The Juba-based SHS Superior General continued in reference to the violence in Sudan, “This situation has made it very difficult for us to make a long-term developmental plan because we don’t know what’s going to happen next.”
On June 23, residents began fleeing Kadugli city in Southwest Sudan following tensions that escalated between the army and a powerful rebel group threatening to open another area of conflict in the country's ongoing war, Reuters reported.
Heavy clashes involving the Rapid Support Forces (RSF), the paramilitary force under General Mohamed Hamdan Dagalo, and army units of the Sudanese Armed Forces (SAF) that are loyal to the head of Sudan's transitional governing Sovereign Council, General Abdel Fattah al-Burhan, have been reported in the country’s capital, Khartoum.
On Wednesday, June 21, the U.S. adjourned peace talks that it was facilitating alongside Saudi Arabia in Jeddah, with Molly Phee, the U.S. Assistant Secretary of State for African Affairs, saying on June 22 that the format of the peace talks was not progressing as expected, Reuters reported.
In the June 22 interview with ACI Africa, Sr. Alice said SHS members were “heartbroken” to leave Sudan even though they had to “run for their lives.”
Sr. Alice Jurugo Drajea. Credit: ACI Africa
“The Sisters were signs of hope for the people before escaping to South Sudan,” the Ugandan-born Catholic Nun said, adding, “The Sisters could not tell the people that they were living because it could break the hearts of the people that were turning to them for help.”
In a June 12 interview with ACI Africa, Sr. Alice appealed for assistance for the three SHS members who were evacuated from Sudan to South Sudan in May, fleeing the violent conflict that has reportedly displaced more than a million people.

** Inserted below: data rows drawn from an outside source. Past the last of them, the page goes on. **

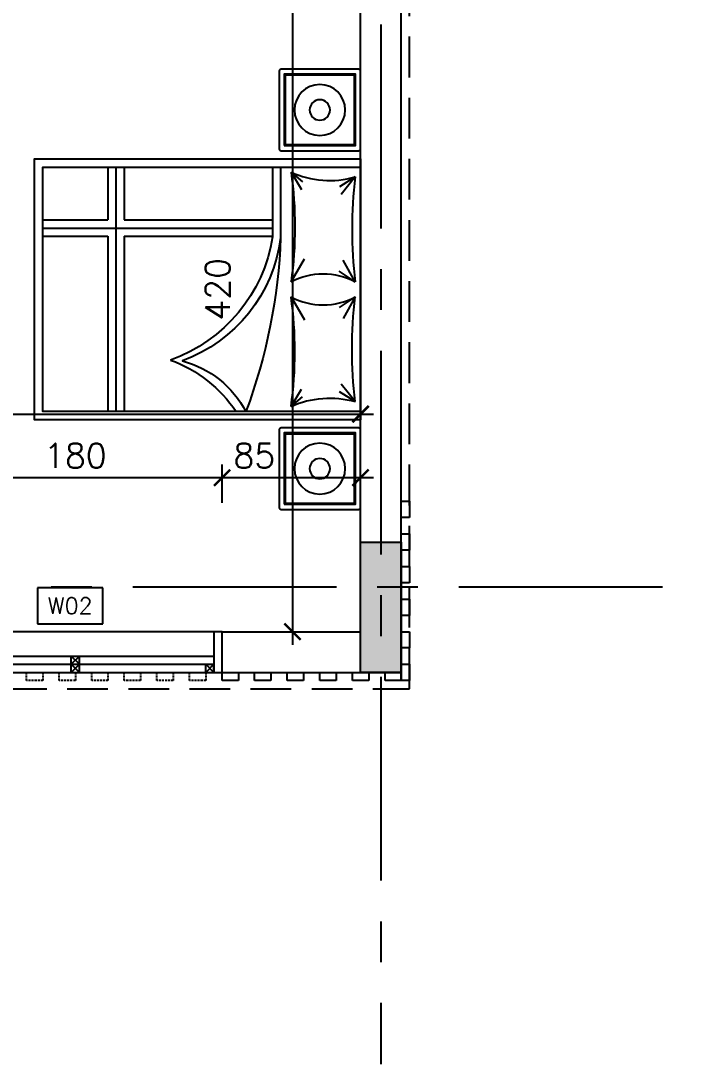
# Model space of a CAD drawing. Header units: centimetres. Extents: x -2093 to 438, y -64 to 4985.
# Drawn here: x -638 to -230, y 523 to 1163 of the extents above; entities that cross this region are included whole.
import ezdxf
from ezdxf.xclip import XClip

# ---------------------------------------------------------------- set-up
doc = ezdxf.new("R2010")
doc.units = ezdxf.units.CM
doc.header["$LTSCALE"] = 100
doc.header["$MEASUREMENT"] = 0
doc.header["$XCLIPFRAME"] = 0
doc.linetypes.add('A0-01 FLOOR PLANS$0$HIDDEN', pattern=[0.375, 0.25, -0.125])
doc.linetypes.add('GRID$0$GRID$0$XREF GRID$0$GRIDS$0$CENTER', pattern=[2, 1.25, -0.25, 0.25, -0.25])
for name, color, linetype in [('A0-01 FLOOR PLANS$0$CAR', 1, 'Continuous'), ('A0-01 FLOOR PLANS$0$DIM IN', 1, 'Continuous'), ('A0-01 FLOOR PLANS$0$FURNITURE', 111, 'Continuous'), ('A0-01 FLOOR PLANS$0$HIDDEN', 8, 'A0-01 FLOOR PLANS$0$HIDDEN'), ('A0-01 FLOOR PLANS$0$HIDDEN -03', 8, 'A0-01 FLOOR PLANS$0$HIDDEN'), ('A0-01 FLOOR PLANS$0$TEXT-SCHED', 3, 'Continuous'), ('A0-01 FLOOR PLANS$0$WALL-01', 7, 'Continuous'), ('A0-01 FLOOR PLANS$0$WINDOW', 1, 'Continuous'), ('DIM IN', 1, 'Continuous'), ('GRID$0$XREF GRID', 11, 'GRID$0$GRID$0$XREF GRID$0$GRIDS$0$CENTER'), ('XREF GF COL$0$COLUMN', 6, 'Continuous'), ('XREF GF COL$0$COLUMN HATCH', 201, 'Continuous')]:
    doc.layers.add(name, color=color, linetype=linetype)
doc.styles.add('A0-01 FLOOR PLANS$0$22', font='romans.shx')
doc.styles.add('A0-01 FLOOR PLANS$0$A0-01 GROUND FLOOR PLAN - For Entry modification$0$ROMANS', font='romans')
doc.dimstyles.new('A0-01 FLOOR PLANS$0$100', dxfattribs={"dimtxt": 15, "dimasz": 10, "dimexe": 8, "dimexo": 12, "dimgap": 6, "dimtad": 1, "dimdec": 0, "dimzin": 0, "dimdsep": 46, "dimtxsty": 'A0-01 FLOOR PLANS$0$22', "dimblk": 'A0-01 FLOOR PLANS$0$_ARCHTICK', "dimcen": 30, "dimdle": 8, "dimclrd": 1, "dimclre": 1, "dimclrt": 2, "dimadec": 0, "dimazin": 0, "dimtfac": 1, "dimtdec": 0, "dimtmove": 2, "dimatfit": 3, "dimldrblk": 'A0-01 FLOOR PLANS$0$_OBLIQUE', "dimfxl": 100, "dimtolj": 1, "dimtzin": 0, "dimarcsym": 0})
doc.dimstyles.new('A0-01 FLOOR PLANS$0$A0-01 GROUND FLOOR PLAN - For Entry modification$0$text', dxfattribs={"dimtxt": 18, "dimasz": 10, "dimexe": 10, "dimexo": 10, "dimgap": -6, "dimtad": 1, "dimtih": 1, "dimtoh": 1, "dimdec": 0, "dimdsep": 46, "dimtxsty": 'A0-01 FLOOR PLANS$0$A0-01 GROUND FLOOR PLAN - For Entry modification$0$ROMANS', "dimblk1": 'A0-01 FLOOR PLANS$0$A0-01 GROUND FLOOR PLAN - For Entry modification$0$_ARCHTICK', "dimblk2": 'A0-01 FLOOR PLANS$0$A0-01 GROUND FLOOR PLAN - For Entry modification$0$_ARCHTICK', "dimsah": 1, "dimcen": 25, "dimdle": 10, "dimse1": 1, "dimse2": 1, "dimsd1": 1, "dimsd2": 1, "dimclrd": 1, "dimclre": 1, "dimclrt": 2, "dimadec": 0, "dimazin": 0, "dimtfac": 1, "dimtdec": 0, "dimtmove": 2, "dimatfit": 3, "dimldrblk": 'A0-01 FLOOR PLANS$0$A0-01 GROUND FLOOR PLAN - For Entry modification$0$_ARCHTICK', "dimfxl": 1, "dimtolj": 1, "dimtzin": 0, "dimarcsym": 0})

# ---------------------------------------------------------------- blocks, each defined once
blk = doc.blocks.new('XREF GF COL')
at = {"layer": 'XREF GF COL$0$COLUMN HATCH'}
blk.add_hatch(color=256, dxfattribs=at).paths.add_polyline_path([(-10714.7, 843), (-10739.7, 843), (-10739.7, 763), (-10714.7, 763)])
at = {"layer": 'XREF GF COL$0$COLUMN'}
blk.add_lwpolyline([(-10739.7, 843), (-10714.7, 843), (-10714.7, 763), (-10739.7, 763)], close=True, dxfattribs=at)
blk = doc.blocks.new('GRID')
at = {"layer": 'GRID$0$XREF GRID'}
for p, q in [((-417.5, 2960.33, 0), (-417.5, 522.76)), ((-1969.8, 815.5), (-230.24, 815.5))]:
    blk.add_line(p, q, dxfattribs=at)
blk = doc.blocks.new('A0-01 FLOOR PLANS$0$Fur_Bed_200x160_01')
for p, q in [((-68.91, -3.34), (-58.12, -11.81)), ((-68.91, -3.34), (-62.83, -12.93)), ((-4.67, -3.34), (-17.88, -10.68)), ((-4.67, -3.34), (-11.07, -13.05)), ((4.67, -3.34), (11.07, -13.05)), ((4.67, -3.34), (17.88, -10.68)), ((68.91, -3.34), (58.12, -11.81)), ((68.91, -3.34), (62.83, -12.93)), ((-71.79, -42.65), (-65.95, -35.73)), ((-71.79, -42.65), (-61.28, -36.25)), ((-4.67, -42.65), (-18.75, -34.35)), ((4.67, -42.65), (18.75, -34.35)), ((71.79, -42.65), (61.28, -36.25)), ((71.79, -42.65), (65.95, -35.73)), ((75, -54.06), (32.12, -54.06)), ((32.59, -145), (32.59, -54.06)), ((37.59, -195), (37.59, -54.06)), ((42.59, -145), (42.59, -54.06)), ((32.59, -145), (-75, -145)), ((75, -145), (42.59, -145)), ((-75, -150), (75, -150)), ((32.59, -155), (-75, -155)), ((32.59, -195), (32.59, -155)), ((75, -155), (42.59, -155)), ((42.59, -195), (42.59, -155))]:
    blk.add_line(p, q)
blk.add_lwpolyline([(-80, 0), (-80, -200), (80, -200), (80, 0)], close=True)
blk.add_lwpolyline([(-75, 0), (-75, -195), (75, -195), (75, 0)])
for points in [[(-71.79, -42.65, 0.175461), (-68.91, -3.34)], [(-68.91, -3.34, 0.059544), (-4.67, -3.34)], [(-4.67, -42.65, -0.248743), (-4.67, -3.34)], [(68.91, -3.34, -0.059544), (4.67, -3.34)], [(4.67, -42.65, 0.248743), (4.67, -3.34)], [(71.79, -42.65, -0.175461), (68.91, -3.34)], [(-71.79, -42.65, -0.069628), (-4.67, -42.65)], [(71.79, -42.65, 0.069628), (4.67, -42.65)], [(75, -49.06), (31.73, -49.06, 0.27978), (-43.93, -109.32, 0.210515), (-75, -70.38)]]:
    blk.add_lwpolyline(points, format="xyb")
for centre, radius, start, end in [((44.13, -388.98), 340.14, 92.08941, 110.50142), ((46.89, -148.7), 95.79, 98.87525, 160.42521), ((-122.14, -145.92), 84.06, 20.41051, 55.89011)]:
    blk.add_arc(centre, radius, start, end)
blk = doc.blocks.new('A0-01 FLOOR PLANS$0$CT2')
at = {"layer": 'A0-01 FLOOR PLANS$0$FURNITURE'}
blk.add_lwpolyline([(-0.88, -0.37), (-48.38, -0.37, -0.414214), (-49.63, 0.88), (-49.63, 48.38, -0.414214), (-48.38, 49.63), (-0.88, 49.63, -0.414214), (0.37, 48.38), (0.37, 0.88, -0.414214)], format="xyb", close=True, dxfattribs=at)
for points in [[(-2.76, 2.76), (-46.51, 2.76), (-46.51, 46.51), (-2.76, 46.51)], [(-3.38, 3.38), (-45.88, 3.38), (-45.88, 45.88), (-3.38, 45.88)]]:
    blk.add_lwpolyline(points, close=True, dxfattribs=at)
for radius in [15.62, 6.25]:
    blk.add_circle((-24.63, 24.63), radius, dxfattribs=at)
blk = doc.blocks.new('*D237')
at = {"layer": 'A0-01 FLOOR PLANS$0$TEXT-SCHED', "color": 1, "lineweight": -2, "transparency": 16777216}
for p, q in [((-588.15, 814.88), (-628.24, 814.88)), ((-628.24, 814.88), (-628.24, 792.88)), ((-588.15, 792.88), (-588.15, 814.88)), ((-628.24, 792.88), (-588.15, 792.88))]:
    blk.add_line(p, q, dxfattribs=at)
at = {"layer": 'Defpoints', "color": 0, "transparency": 16777216}
blk.add_point((-608.2, 803.88), dxfattribs=at)
blk.add_point((-608.2, 803.88), dxfattribs=at)
blk.add_point((-608.2, 803.88), dxfattribs=at)
at = {"layer": 'A0-01 FLOOR PLANS$0$TEXT-SCHED', "color": 2, "transparency": 16777216, "insert": (-608.2, 803.88), "char_height": 8, "width": 47.1429, "attachment_point": 5, "style": 'A0-01 FLOOR PLANS$0$A0-01 GROUND FLOOR PLAN - For Entry modification$0$ROMANS'}
blk.add_mtext('\\A1;{\\H1.25x;W02}', dxfattribs=at)
blk = doc.blocks.new('A0-01 FLOOR PLANS$0$A0-01 GROUND FLOOR PLAN - For Entry modification$0$_ARCHTICK')
at = {"color": 0, "linetype": 'ByBlock', "const_width": 0.15}
blk.add_lwpolyline([(-0.5, -0.5), (0.5, 0.5)], dxfattribs=at)
blk = doc.blocks.new('A0-01 FLOOR PLANS$0$_ARCHTICK')
at = {"color": 0, "linetype": 'ByBlock', "const_width": 0.15}
blk.add_lwpolyline([(-0.5, -0.5), (0.5, 0.5)], dxfattribs=at)
blk = doc.blocks.new('*D254')
at = {"layer": 'A0-01 FLOOR PLANS$0$DIM IN', "color": 1, "lineweight": -2, "transparency": 16777216}
for p, q in [((-960, 891.94), (-960, 929.48)), ((-430, 891.94), (-430, 929.48)), ((-968, 921.48), (-422, 921.48))]:
    blk.add_line(p, q, dxfattribs=at)
at = {"layer": 'Defpoints', "color": 0, "transparency": 16777216}
for p in [(-430, 921.48), (-960, 879.94), (-430, 879.94)]:
    blk.add_point(p, dxfattribs=at)
at = {"layer": 'A0-01 FLOOR PLANS$0$DIM IN', "color": 1, "lineweight": -2, "transparency": 16777216, "xscale": 10, "yscale": 10, "zscale": 10, "rotation": 180}
blk.add_blockref('A0-01 FLOOR PLANS$0$_ARCHTICK', (-960, 921.48), dxfattribs=at)
at = {"layer": 'A0-01 FLOOR PLANS$0$DIM IN', "color": 1, "lineweight": -2, "transparency": 16777216, "xscale": 10, "yscale": 10, "zscale": 10}
blk.add_blockref('A0-01 FLOOR PLANS$0$_ARCHTICK', (-430, 921.48), dxfattribs=at)
at = {"layer": 'A0-01 FLOOR PLANS$0$DIM IN', "color": 2, "transparency": 16777216, "insert": (-695, 934.98), "char_height": 15, "attachment_point": 5, "style": 'A0-01 FLOOR PLANS$0$22'}
blk.add_mtext('\\A1;530', dxfattribs=at)
blk = doc.blocks.new('A0-01 FLOOR PLANS$0$_OBLIQUE')
at = {"color": 0, "linetype": 'ByBlock'}
blk.add_line((-0.5, -0.5), (0.5, 0.5), dxfattribs=at)
blk = doc.blocks.new('A0-01 FLOOR PLANS$0$ALW02')
at = {"layer": 'A0-01 FLOOR PLANS$0$WINDOW'}
for p, q in [((-520, 788), (-690, 788)), ((-690, 773), (-520, 773)), ((-690, 768), (-690, 773)), ((-690, 773), (-685, 768)), ((-690, 768), (-685, 773)), ((-690, 768), (-520, 768)), ((-685, 768), (-685, 773)), ((-607.5, 768), (-607.5, 773)), ((-607.5, 773), (-602.5, 768)), ((-607.5, 768), (-602.5, 773)), ((-607.5, 763), (-607.5, 768)), ((-602.5, 768), (-607.5, 763)), ((-602.5, 763), (-607.5, 768)), ((-602.5, 768), (-602.5, 773)), ((-602.5, 763), (-602.5, 768)), ((-525, 763), (-525, 768)), ((-525, 768), (-520, 763)), ((-525, 763), (-520, 768)), ((-520, 763), (-520, 768)), ((-690, 763), (-520, 763))]:
    blk.add_line(p, q, dxfattribs=at)
for points in [[(-690, 763), (-690, 788), (-695, 788), (-695, 763)], [(-515, 763), (-515, 788), (-520, 788), (-520, 763)]]:
    blk.add_lwpolyline(points, close=True, dxfattribs=at)
blk = doc.blocks.new('*D306')
at = {"layer": 'A0-01 FLOOR PLANS$0$DIM IN', "color": 1, "lineweight": -2, "transparency": 16777216}
for p, q in [((-515, 866.96), (-515, 890.46)), ((-430, 866.96), (-430, 890.46)), ((-422, 882.46), (-523, 882.46))]:
    blk.add_line(p, q, dxfattribs=at)
at = {"layer": 'Defpoints', "color": 0, "transparency": 16777216}
for p in [(-515, 882.46), (-515, 854.96), (-430, 854.96)]:
    blk.add_point(p, dxfattribs=at)
at = {"layer": 'A0-01 FLOOR PLANS$0$DIM IN', "color": 1, "lineweight": -2, "transparency": 16777216, "xscale": 10, "yscale": 10, "zscale": 10, "rotation": 180}
blk.add_blockref('A0-01 FLOOR PLANS$0$_ARCHTICK', (-515, 882.46), dxfattribs=at)
at = {"layer": 'A0-01 FLOOR PLANS$0$DIM IN', "color": 1, "lineweight": -2, "transparency": 16777216, "xscale": 10, "yscale": 10, "zscale": 10}
blk.add_blockref('A0-01 FLOOR PLANS$0$_ARCHTICK', (-430, 882.46), dxfattribs=at)
at = {"layer": 'A0-01 FLOOR PLANS$0$DIM IN', "color": 2, "transparency": 16777216, "insert": (-495.21, 895.96), "char_height": 15, "attachment_point": 5, "style": 'A0-01 FLOOR PLANS$0$22'}
blk.add_mtext('\\A1;85', dxfattribs=at)
blk = doc.blocks.new('*D307')
at = {"layer": 'A0-01 FLOOR PLANS$0$DIM IN', "color": 1, "lineweight": -2, "transparency": 16777216}
for p, q in [((-695, 866.96), (-695, 890.46)), ((-515, 866.96), (-515, 890.46)), ((-507, 882.46), (-703, 882.46))]:
    blk.add_line(p, q, dxfattribs=at)
at = {"layer": 'Defpoints', "color": 0, "transparency": 16777216}
for p in [(-695, 882.46), (-695, 854.96), (-515, 854.96)]:
    blk.add_point(p, dxfattribs=at)
at = {"layer": 'A0-01 FLOOR PLANS$0$DIM IN', "color": 1, "lineweight": -2, "transparency": 16777216, "xscale": 10, "yscale": 10, "zscale": 10, "rotation": 180}
blk.add_blockref('A0-01 FLOOR PLANS$0$_ARCHTICK', (-695, 882.46), dxfattribs=at)
at = {"layer": 'A0-01 FLOOR PLANS$0$DIM IN', "color": 1, "lineweight": -2, "transparency": 16777216, "xscale": 10, "yscale": 10, "zscale": 10}
blk.add_blockref('A0-01 FLOOR PLANS$0$_ARCHTICK', (-515, 882.46), dxfattribs=at)
at = {"layer": 'A0-01 FLOOR PLANS$0$DIM IN', "color": 2, "transparency": 16777216, "insert": (-605, 895.96), "char_height": 15, "attachment_point": 5, "style": 'A0-01 FLOOR PLANS$0$22'}
blk.add_mtext('\\A1;180', dxfattribs=at)
blk = doc.blocks.new('*D318')
at = {"layer": 'A0-01 FLOOR PLANS$0$DIM IN', "color": 1, "lineweight": -2, "transparency": 16777216}
for p, q in [((-471.77, 1216), (-471.77, 780)), ((-483.77, 1208), (-479.77, 1208)), ((-483.77, 788), (-479.77, 788))]:
    blk.add_line(p, q, dxfattribs=at)
at = {"layer": 'Defpoints', "color": 0, "transparency": 16777216}
for p in [(-471.77, 1208), (-471.77, 788), (-471.77, 788)]:
    blk.add_point(p, dxfattribs=at)
at = {"layer": 'A0-01 FLOOR PLANS$0$DIM IN', "color": 1, "lineweight": -2, "transparency": 16777216, "xscale": 10, "yscale": 10, "zscale": 10}
for p, rotation in [((-471.77, 1208), 90), ((-471.77, 788), 270)]:
    blk.add_blockref('A0-01 FLOOR PLANS$0$_ARCHTICK', p, dxfattribs=dict(at, rotation=rotation))
at = {"layer": 'A0-01 FLOOR PLANS$0$DIM IN', "color": 2, "transparency": 16777216, "insert": (-517.67, 998), "char_height": 15, "attachment_point": 5, "rotation": 90, "style": 'A0-01 FLOOR PLANS$0$22'}
blk.add_mtext('\\A1;420', dxfattribs=at)
blk = doc.blocks.new('A0-01 FLOOR PLANS')
at = {"layer": 'A0-01 FLOOR PLANS$0$HIDDEN'}
for points in [[(-405, 858), (-405, 868), (-400, 868), (-400, 858)], [(-405, 838), (-405, 848), (-400, 848), (-400, 838)], [(-405, 818), (-405, 828), (-400, 828), (-400, 818)], [(-405, 798), (-405, 808), (-400, 808), (-400, 798)], [(-405, 778), (-405, 788), (-400, 788), (-400, 778)], [(-405, 758), (-405, 768), (-400, 768), (-400, 758)], [(-515, 763), (-505, 763), (-505, 758), (-515, 758)], [(-495, 763), (-485, 763), (-485, 758), (-495, 758)], [(-475, 763), (-465, 763), (-465, 758), (-475, 758)], [(-455, 763), (-445, 763), (-445, 758), (-455, 758)], [(-435, 763), (-425, 763), (-425, 758), (-435, 758)], [(-415, 763), (-405, 763), (-405, 758), (-415, 758)]]:
    blk.add_lwpolyline(points, close=True, dxfattribs=at)
at = {"layer": 'A0-01 FLOOR PLANS$0$HIDDEN', "color": 8, "linetype": 'A0-01 FLOOR PLANS$0$HIDDEN', "ltscale": 0.05}
for points in [[(-635, 763), (-625, 763), (-625, 758), (-635, 758)], [(-615, 763), (-605, 763), (-605, 758), (-615, 758)], [(-595, 763), (-585, 763), (-585, 758), (-595, 758)], [(-575, 763), (-565, 763), (-565, 758), (-575, 758)], [(-555, 763), (-545, 763), (-545, 758), (-555, 758)], [(-535, 763), (-525, 763), (-525, 758), (-535, 758)]]:
    blk.add_lwpolyline(points, close=True, dxfattribs=at)
at = {"layer": 'A0-01 FLOOR PLANS$0$HIDDEN -03'}
for p, q in [((-400, 753), (-400, 2648)), ((-835, 753), (-400, 753))]:
    blk.add_line(p, q, dxfattribs=at)
at = {"layer": 'A0-01 FLOOR PLANS$0$WALL-01'}
for p, q in [((-405, 763), (-405, 1288)), ((-430, 788), (-430, 1208)), ((-515, 763), (-515, 788)), ((-515, 788), (-430, 788)), ((-515, 763), (-405, 763))]:
    blk.add_line(p, q, dxfattribs=at)
at = {"layer": 'A0-01 FLOOR PLANS$0$CAR', "xscale": -1}
for p in [(-479.63, 1083.37), (-479.63, 863.37)]:
    blk.add_blockref('A0-01 FLOOR PLANS$0$CT2', p, dxfattribs=at)
at = {"layer": 'A0-01 FLOOR PLANS$0$FURNITURE', "xscale": -1, "rotation": 270}
blk.add_blockref('A0-01 FLOOR PLANS$0$Fur_Bed_200x160_01', (-430, 998), dxfattribs=at)
at = {"layer": 'A0-01 FLOOR PLANS$0$WALL-01'}
blk.add_blockref('GRID', (0, 0), dxfattribs=at)
at = {"layer": 'A0-01 FLOOR PLANS$0$WINDOW'}
for name, p in [('XREF GF COL', (10309.7, 0)), ('A0-01 FLOOR PLANS$0$ALW02', (0, 0))]:
    blk.add_blockref(name, p, dxfattribs=at)
at = {"layer": 'A0-01 FLOOR PLANS$0$DIM IN'}
dim = blk.add_linear_dim(base=(-471.77, 788), p1=(-471.77, 1208), p2=(-471.77, 788), angle=90, dimstyle='A0-01 FLOOR PLANS$0$100', override={"dimfxl": 0.075}, dxfattribs=at)
dim.commit()
dim.dimension.update_dxf_attribs({"geometry": '*D318', "text_midpoint": (-517.67, 998), "dimtype": 128})
for base, p1, p2, picture, middle in [((-430, 921.48), (-960, 879.94), (-430, 879.94), '*D254', (-695, 934.98)), ((-695, 882.46), (-515, 854.96), (-695, 854.96), '*D307', (-605, 895.96))]:
    dim = blk.add_linear_dim(base=base, p1=p1, p2=p2, dimstyle='A0-01 FLOOR PLANS$0$100', override={"dimfxl": 0.075}, dxfattribs=at)
    dim.commit()
    dim.dimension.update_dxf_attribs({"geometry": picture, "text_midpoint": middle})
dim = blk.add_linear_dim(base=(-515, 882.46), p1=(-430, 854.96), p2=(-515, 854.96), dimstyle='A0-01 FLOOR PLANS$0$100', override={"dimfxl": 0.075}, dxfattribs=at)
dim.commit()
dim.dimension.update_dxf_attribs({"geometry": '*D306', "text_midpoint": (-495.21, 895.96), "dimtype": 128})
at = {"layer": 'A0-01 FLOOR PLANS$0$TEXT-SCHED'}
dim = blk.add_linear_dim(base=(-608.2, 803.88), p1=(-608.2, 803.88), p2=(-608.2, 803.88), text='{\\H1.25x;W02}', dimstyle='A0-01 FLOOR PLANS$0$A0-01 GROUND FLOOR PLAN - For Entry modification$0$text', override={"dimtxt": 8, "dimgap": -6, "dimclrt": 2}, dxfattribs=at)
dim.commit()
dim.dimension.update_dxf_attribs({"geometry": '*D237', "text_midpoint": (-608.2, 803.88), "dimtype": 128})

msp = doc.modelspace()

# ---------------------------------------------------------------- block references
at = {"layer": 'DIM IN'}
ref = msp.add_blockref('A0-01 FLOOR PLANS', (0, 0), dxfattribs=at)
XClip(ref).set_block_clipping_path([(-2776.1374472706, -63.5198747971), (-25.2799057033, 3544.9387921137)])

doc.saveas('drawing.dxf')

She went on to call on the South Sudanese government to improve security at the entry point for the safe passage of those fleeing the Sudan violence into the country.
In the June 22 interview, the Superior General of the Congregation that was founded in Juba in 1954 by Bishop Sisto Mazzoldi called on the Sudanese warring factions to engage in dialogue to end the fighting that has resulted in the death of hundreds.